THE INPUT:

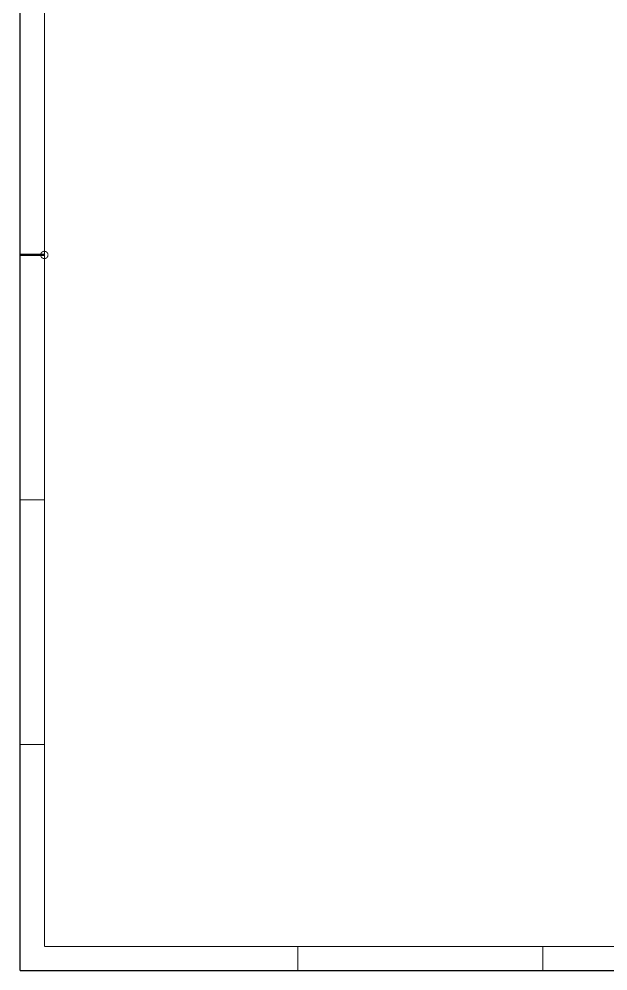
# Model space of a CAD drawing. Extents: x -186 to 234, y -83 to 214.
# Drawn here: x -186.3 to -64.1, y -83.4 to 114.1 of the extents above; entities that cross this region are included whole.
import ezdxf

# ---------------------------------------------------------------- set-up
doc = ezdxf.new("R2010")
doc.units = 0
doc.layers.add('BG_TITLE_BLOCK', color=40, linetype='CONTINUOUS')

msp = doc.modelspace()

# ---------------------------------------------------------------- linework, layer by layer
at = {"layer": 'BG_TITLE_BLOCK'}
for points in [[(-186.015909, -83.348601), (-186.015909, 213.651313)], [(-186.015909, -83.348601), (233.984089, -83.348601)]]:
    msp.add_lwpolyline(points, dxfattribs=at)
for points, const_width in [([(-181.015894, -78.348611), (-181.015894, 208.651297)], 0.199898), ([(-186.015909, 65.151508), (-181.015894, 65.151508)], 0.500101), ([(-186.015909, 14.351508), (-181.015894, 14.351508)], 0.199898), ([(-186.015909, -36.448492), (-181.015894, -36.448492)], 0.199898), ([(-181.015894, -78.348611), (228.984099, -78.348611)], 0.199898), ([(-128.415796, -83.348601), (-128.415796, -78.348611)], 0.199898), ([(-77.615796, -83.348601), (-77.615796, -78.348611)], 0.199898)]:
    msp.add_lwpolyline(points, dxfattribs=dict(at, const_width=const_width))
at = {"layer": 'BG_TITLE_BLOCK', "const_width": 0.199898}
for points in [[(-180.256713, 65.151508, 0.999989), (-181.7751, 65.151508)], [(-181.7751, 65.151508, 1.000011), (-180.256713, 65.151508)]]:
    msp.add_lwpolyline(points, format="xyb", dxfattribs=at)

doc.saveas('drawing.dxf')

EXERCISE BRIEF: The listing above holds a line with "layer by layer" and a line with "msp.add_lwpolyline(points, dxfattribs=at)". Print the stretch from the first through the second, exactly and alone.

FINAL ANSWER:
# ---------------------------------------------------------------- linework, layer by layer
at = {"layer": 'BG_TITLE_BLOCK'}
for points in [[(-186.015909, -83.348601), (-186.015909, 213.651313)], [(-186.015909, -83.348601), (233.984089, -83.348601)]]:
    msp.add_lwpolyline(points, dxfattribs=at)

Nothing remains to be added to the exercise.